Measured 2026-07-05 on an Apple Silicon workstation (local NVMe):
| Metric | Result |
|---|---|
| Seeding throughput (write path: FTS + vec0 + entity linking) | 388 facts/s (100k in ~4.3 min) |
| Hybrid search (FTS + vector + RRF), p50 / p95 over 200 queries | 103 / 321 ms |
Graph-expanded search (expandHops: 1, 'ppr'), p50 / p95, dense hubs | 1.8 / 2.0 s |
Graph-expanded search (expandHops: 2, 'ppr'), p50 / p95 over 5 queries | 89 / 99 s (documented hot spot) |
| Consolidator light phase (per-pass, ceiling-bounded) | < 0.1 s |
| DB size on disk (after WAL checkpoint) | 125.6 MiB (~1.3 KiB/fact) |
For contrast, at 2k facts (the CI smoke corpus) the same probe measures hybrid p95 ~5 ms and hop-1 graph p95 ~53 ms.
Practical guidance
- The vector leg is the read-path driver at scale. vec0's KNN is a brute-force scan, so hybrid latency grows linearly with corpus size: ~5 ms p95 at 2k facts, ~320 ms p95 at 100k (64-dim). FTS-only recall stays in single-digit milliseconds throughout (see
benchmarks/latency). If you need sub-100ms hybrid search beyond ~30-50k facts, shrink the vector dimension, shard by scope, or gate the vector leg per query. - Graph expansion is per-query opt-in for a reason. Hop-1 cost scales with seed-candidate count x entity fanout: milliseconds on well-separated entities, ~2 s at 100k facts under dense hubs. Hop-2 re-expands the hub fanout per reached fact and lands in the tens of seconds there - keep
expandHops: 2for offline/analysis flows, not interactive recall. - Writes are the expensive direction. Every
rememberis an FTS insert + a vector insert + (with the graph on) entity resolution and linking; ~390 facts/s sustained on a workstation. Bulk imports should batch and can disablegraph.entityResolutionduring the load, then backfill. - The consolidator light phase is ceiling-bounded per pass, so a single pass stays sub-second regardless of corpus size; sweeping a large corpus is a matter of scheduled repeat passes (the default triggers do this), not one long blocking call.
- DB size budgets roughly linearly: ~1.3 KiB/fact at 64-dim vectors and short texts (vector table + FTS index dominate). 1M facts of this shape would be ~1.3 GiB.
- Long-term growth is dominated by side tables, not facts. Spans, idempotency response bodies, consolidator run counters, session audit rows, memory history and terminal workflow checkpoints all accumulate per activity, not per remembered fact. The standalone server sweeps the derived surfaces by default (
config.retention); in lib-mode schedule the prune primitives yourself - see the deployment guide. - One writer.

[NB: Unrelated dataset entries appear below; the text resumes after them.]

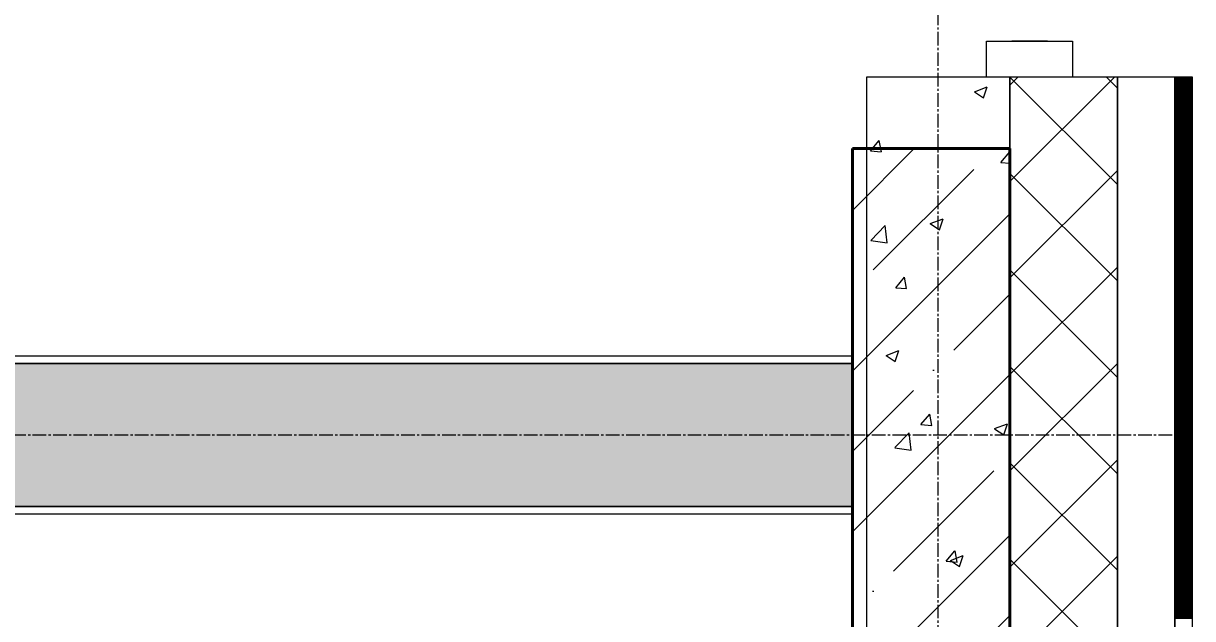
# Model space of a CAD drawing. Header units: millimetres. Extents: x -24360 to 609566, y -391049 to 148426.
# Drawn here: x 260368 to 262000, y -158906 to -158075 of the extents above; entities that cross this region are included whole.
import ezdxf

# ---------------------------------------------------------------- set-up
doc = ezdxf.new("R2010")
doc.units = ezdxf.units.MM
doc.linetypes.add('CENTER2', pattern=[28.575, 19.05, -3.175, 3.175, -3.175])
doc.linetypes.add('HIDDEN2', pattern=[4.7625, 3.175, -1.5875])
doc.layers.get('Defpoints').update_dxf_attribs({"color": 140})
for name, color, linetype, lineweight in [('АР_Колонны', 70, 'Continuous', 30), ('АР_Окна', 4, 'Continuous', 5), ('АР_Оси_РД_размер', 8, 'Continuous', 0), ('АР_Стены ЖБ', 7, 'Continuous', 30), ('АР_Стены ПЕНОблок', 52, 'Continuous', 20), ('АР_Тонкая', 254, 'Continuous', 5), ('АР_Утеплитель', 31, 'Continuous', 0), ('АР_Штриховка', 8, 'Continuous', 0)]:
    doc.layers.add(name, color=color, linetype=linetype, lineweight=lineweight)
doc.layers.add('АР_Оси_РД_100', color=7, linetype='Continuous', lineweight=0, true_color=0x525252)
doc.styles.add('style1', font='ARIALN.TTF')
doc.dimstyles.new('Dim100_ареал', dxfattribs={"dimscale": 100, "dimtxt": 2.5, "dimasz": 1, "dimexe": 1, "dimexo": 1, "dimgap": 0.5, "dimtad": 1, "dimzin": 12, "dimdsep": 46, "dimtxsty": 'style1', "dimblk": 'ARCHTICK', "dimcen": 1, "dimdle": 1, "dimclrd": 256, "dimclre": 256, "dimaunit": 1, "dimadec": 0, "dimazin": 3, "dimtfac": 1, "dimtmove": 1, "dimatfit": 3, "dimldrblk": 'OPEN30', "dimfxl": 4, "dimfxlon": 1, "dimtolj": 1, "dimtzin": 0, "dimlwd": 9, "dimlwe": 9, "dimarcsym": 0})

# ---------------------------------------------------------------- blocks, each defined once
blk = doc.blocks.new('_ArchTick')
at = {"color": 0, "linetype": 'ByBlock', "const_width": 0.15}
blk.add_lwpolyline([(-0.5, -0.5), (0.5, 0.5)], dxfattribs=at)
blk = doc.blocks.new('*D344')
at = {"layer": 'Defpoints', "color": 0, "lineweight": 15, "transparency": 16777216}
for p in [(261645, -157121.3), (259845, -158621.3), (261645, -158621.3)]:
    blk.add_point(p, dxfattribs=at)
at = {"layer": 'АР_Оси_РД_размер', "lineweight": 9, "transparency": 16777216}
for p, q in [((259845, -157521.3), (259845, -157021.3)), ((261645, -157521.3), (261645, -157021.3)), ((259745, -157121.3), (261745, -157121.3))]:
    blk.add_line(p, q, dxfattribs=at)
at = {"layer": 'АР_Оси_РД_размер', "lineweight": 9, "transparency": 16777216, "xscale": 100, "yscale": 100, "zscale": 100, "rotation": 180}
blk.add_blockref('_ArchTick', (259845, -157121.3), dxfattribs=at)
at = {"layer": 'АР_Оси_РД_размер', "lineweight": 9, "transparency": 16777216, "xscale": 100, "yscale": 100, "zscale": 100}
blk.add_blockref('_ArchTick', (261645, -157121.3), dxfattribs=at)
at = {"layer": 'АР_Оси_РД_размер', "color": 0, "transparency": 16777216, "insert": (260745, -156943.7), "char_height": 250, "attachment_point": 5, "style": 'style1'}
blk.add_mtext('\\A1;1800', dxfattribs=at)
blk = doc.blocks.new('_Open30')
at = {"color": 0, "linetype": 'ByBlock', "lineweight": -2}
for p, q in [((-1, 0.268), (0, 0)), ((0, 0), (-1, -0.268)), ((0, 0), (-1, 0))]:
    blk.add_line(p, q, dxfattribs=at)

msp = doc.modelspace()

# ---------------------------------------------------------------- hatches: boundary and pattern name
at = {"layer": 'АР_Штриховка', "linetype": 'Continuous', "lineweight": 5, "true_color": 0x000000}
h = msp.add_hatch(dxfattribs=at)
h.set_pattern_fill('ANSI35', color=18, scale=25, style=0)
h.set_pattern_definition([(45, (241545, -219850), (-112.2532, 112.2532), []), (45, (241657.25, -219850), (-112.2532, 112.2532), [198.4375, -39.6875, 0, -39.6875])])
h.paths.add_polyline_path([(261745, -158250), (261525, -158250), (261525, -159450), (261745, -159450)], flags=0)
at = {"layer": 'АР_Штриховка', "linetype": 'Continuous', "lineweight": 0, "true_color": 0x000000}
h = msp.add_hatch(dxfattribs=at)
h.set_pattern_fill('AR-CONC', color=18, angle=-315, style=0)
h.set_pattern_definition([(95, (241545, -219850), (140.09465, 117.55338), [19.05, -209.55]), (40, (241545, -219850), (-160.01845, 110.17673), [15.24, -167.6406]), (145.45144, (241556.67, -219840.2), (-19.9238, 227.7301), [16.19, -178.09024]), (91.1842, (241509.08, -219814.08), (221.41024, 161.9534), [28.575, -314.325]), (141.63556, (241527.53, -219800.58), (-7.0866, 342.8268), [24.285, -267.1356]), (36.18415, (241509.08, -219814.08), (-7.0866, 342.8268), [22.86, -251.4597]), (66, (241536.02, -219805.1), (179.51998, 34.89515), [19.05, -209.55]), (11, (241536.02, -219805.1), (-86.5399, 173.9412), [15.24, -167.64]), (116.45144, (241550.98, -219802.19), (92.98005, 208.83634), [16.19, -178.08994]), (82.5, (241545, -219850), (-57.60547, 61.973414), [0, -165.608, 0, -170.18, 0, -168.275]), (52.5, (241545, -219850), (-23.58973, 118.087), [0, -97.028, 0, -161.798, 0, -64.135]), (12.5, (241504.95, -219890.05), (99.92786, 91.826196), [0, -63.5, 0, -198.12, 0, -262.89]), (2.5, (241486.99, -219908.01), (86.7639, 122.7224), [0, -82.55, 0, -131.572, 0, -186.69])])
h.paths.add_polyline_path([(261525, -158750), (261525, -158550), (254945, -158550), (254945, -158750)], flags=0)

# ---------------------------------------------------------------- linework, layer by layer
at = {"layer": 'АР_Колонны', "color": 18, "linetype": 'HIDDEN2', "lineweight": 25, "true_color": 0x000000}
for p, q in [((261525, -158250), (261745, -158250)), ((261525, -159450), (261525, -158250)), ((261745, -158250), (261745, -159450))]:
    msp.add_line(p, q, dxfattribs=at)
at = {"layer": 'АР_Колонны', "color": 18, "linetype": 'Continuous', "lineweight": 30, "true_color": 0x000000}
for p, q in [((261525, -158250), (261525, -159450)), ((261745, -158250), (261525, -158250)), ((261745, -159450), (261745, -158250))]:
    msp.add_line(p, q, dxfattribs=at)
at = {"layer": 'АР_Окна', "color": 18, "linetype": 'Continuous', "lineweight": 5, "true_color": 0x000000}
msp.add_line((261797.5, -158100), (261747.5, -158100), dxfattribs=at)
msp.add_lwpolyline([(261832.5, -158100), (261832.5, -158150), (261712.5, -158150), (261712.5, -158100)], close=True, dxfattribs=at)
at = {"layer": 'АР_Оси_РД_100', "linetype": 'CENTER2'}
for p, q in [((261645, -167650), (261645, -155721.321)), ((261645, -167650), (261645, -158150)), ((262000, -158650), (250765, -158650))]:
    msp.add_line(p, q, dxfattribs=at)
at = {"layer": 'АР_Стены ЖБ', "color": 18, "linetype": 'Continuous', "lineweight": 40, "true_color": 0x000000}
for p, q in [((261745, -158250), (261525, -158250)), ((261525, -158250), (261525, -159450)), ((261745, -159450), (261745, -158250))]:
    msp.add_line(p, q, dxfattribs=at)
at = {"layer": 'АР_Стены ПЕНОблок', "color": 18, "linetype": 'Continuous', "lineweight": 20, "true_color": 0x000000}
for p, q in [((261745, -158150), (261545, -158150)), ((261545, -158150), (261545, -168350)), ((261745, -168350), (261745, -158150)), ((261525, -158550), (254945, -158550)), ((261525, -158750), (261525, -158550)), ((254945, -158750), (261525, -158750))]:
    msp.add_line(p, q, dxfattribs=at)
at = {"layer": 'АР_Тонкая', "color": 18, "linetype": 'Continuous', "lineweight": 5, "true_color": 0x000000}
for p, q in [((261975, -158150), (261895, -158150)), ((261895, -158150), (261895, -168350)), ((261975, -168350), (261975, -158150)), ((262000, -158150), (261975, -158150)), ((261975, -158150), (261975, -168350)), ((262000, -168350), (262000, -158150))]:
    msp.add_line(p, q, dxfattribs=at)
at = {"layer": 'АР_Тонкая', "color": 18, "linetype": 'Continuous', "lineweight": 0, "true_color": 0x000000}
for p, q in [((261525, -158540), (254945, -158540)), ((261525, -158550), (261525, -158540)), ((254945, -158550), (261525, -158550)), ((261525, -158750), (254945, -158750)), ((261525, -158760), (261525, -158750)), ((254945, -158760), (261525, -158760))]:
    msp.add_line(p, q, dxfattribs=at)
at = {"layer": 'АР_Утеплитель', "color": 18, "linetype": 'Continuous', "lineweight": 0, "true_color": 0x000000}
for p, q in [((261895, -158150), (261745, -158150)), ((261745, -158150), (261745, -168350)), ((261895, -168350), (261895, -158150))]:
    msp.add_line(p, q, dxfattribs=at)
at = {"layer": 'АР_Штриховка', "color": 18, "linetype": 'Continuous', "lineweight": 0, "true_color": 0x000000}
for p, q in [((261745, -158161.217), (261756.217, -158150)), ((261745, -158295.92), (261890.92, -158150)), ((261895, -158300.064), (261745, -158150.064)), ((261895, -158165.36), (261879.64, -158150)), ((261975, -158151), (262000, -158151)), ((261975, -158152), (262000, -158152)), ((261975, -158153), (262000, -158153)), ((261975, -158154), (262000, -158154)), ((261975, -158155), (262000, -158155)), ((261695.632, -158170.512), (261708.267, -158179.034)), ((261695.654, -158170.463), (261713.439, -158163.636)), ((261708.272, -158179.035), (261713.422, -158163.686)), ((261975, -158156), (262000, -158156)), ((261975, -158157), (262000, -158157)), ((261975, -158158), (262000, -158158)), ((261975, -158159), (262000, -158159)), ((261975, -158160), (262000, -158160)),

SQLite is single-writer: keep one writing service process per DB file (the k8s template pins
replicas: 1for exactly this reason). Operator CLI commands against a live server are the supported exception - see the concurrency matrix for which commands read safely, which contend for the write lock (stalling the server's event loop up tobusy_timeoutper statement), and which require stopping the server.
Reproducing
pnpm --filter @graphorin/benchmark-scale run build
node benchmarks/scale/dist/runner.js # full profile: 100k facts
node benchmarks/scale/dist/runner.js --facts 10000
node benchmarks/scale/dist/runner.js --smoke # CI plumbing gate (2k facts)The probe writes benchmarks/scale/RESULTS.md with the same table as above.
Related latency probes
benchmarks/latency- FTS-only search latency tripwire that runs on every PR (--smoke, 120 facts, catastrophic-only p95 budget) and in full mode at 2k facts with a 100 ms p95 gate. The MVP design target (p95 < 100 ms at 10k facts) is a workstation-profile target - validate it with the scale probe above, not with hermetic CI numbers.benchmarks/cost- assembled-prompt token cost regression gate (exact counts, fails the PR on >10% growth).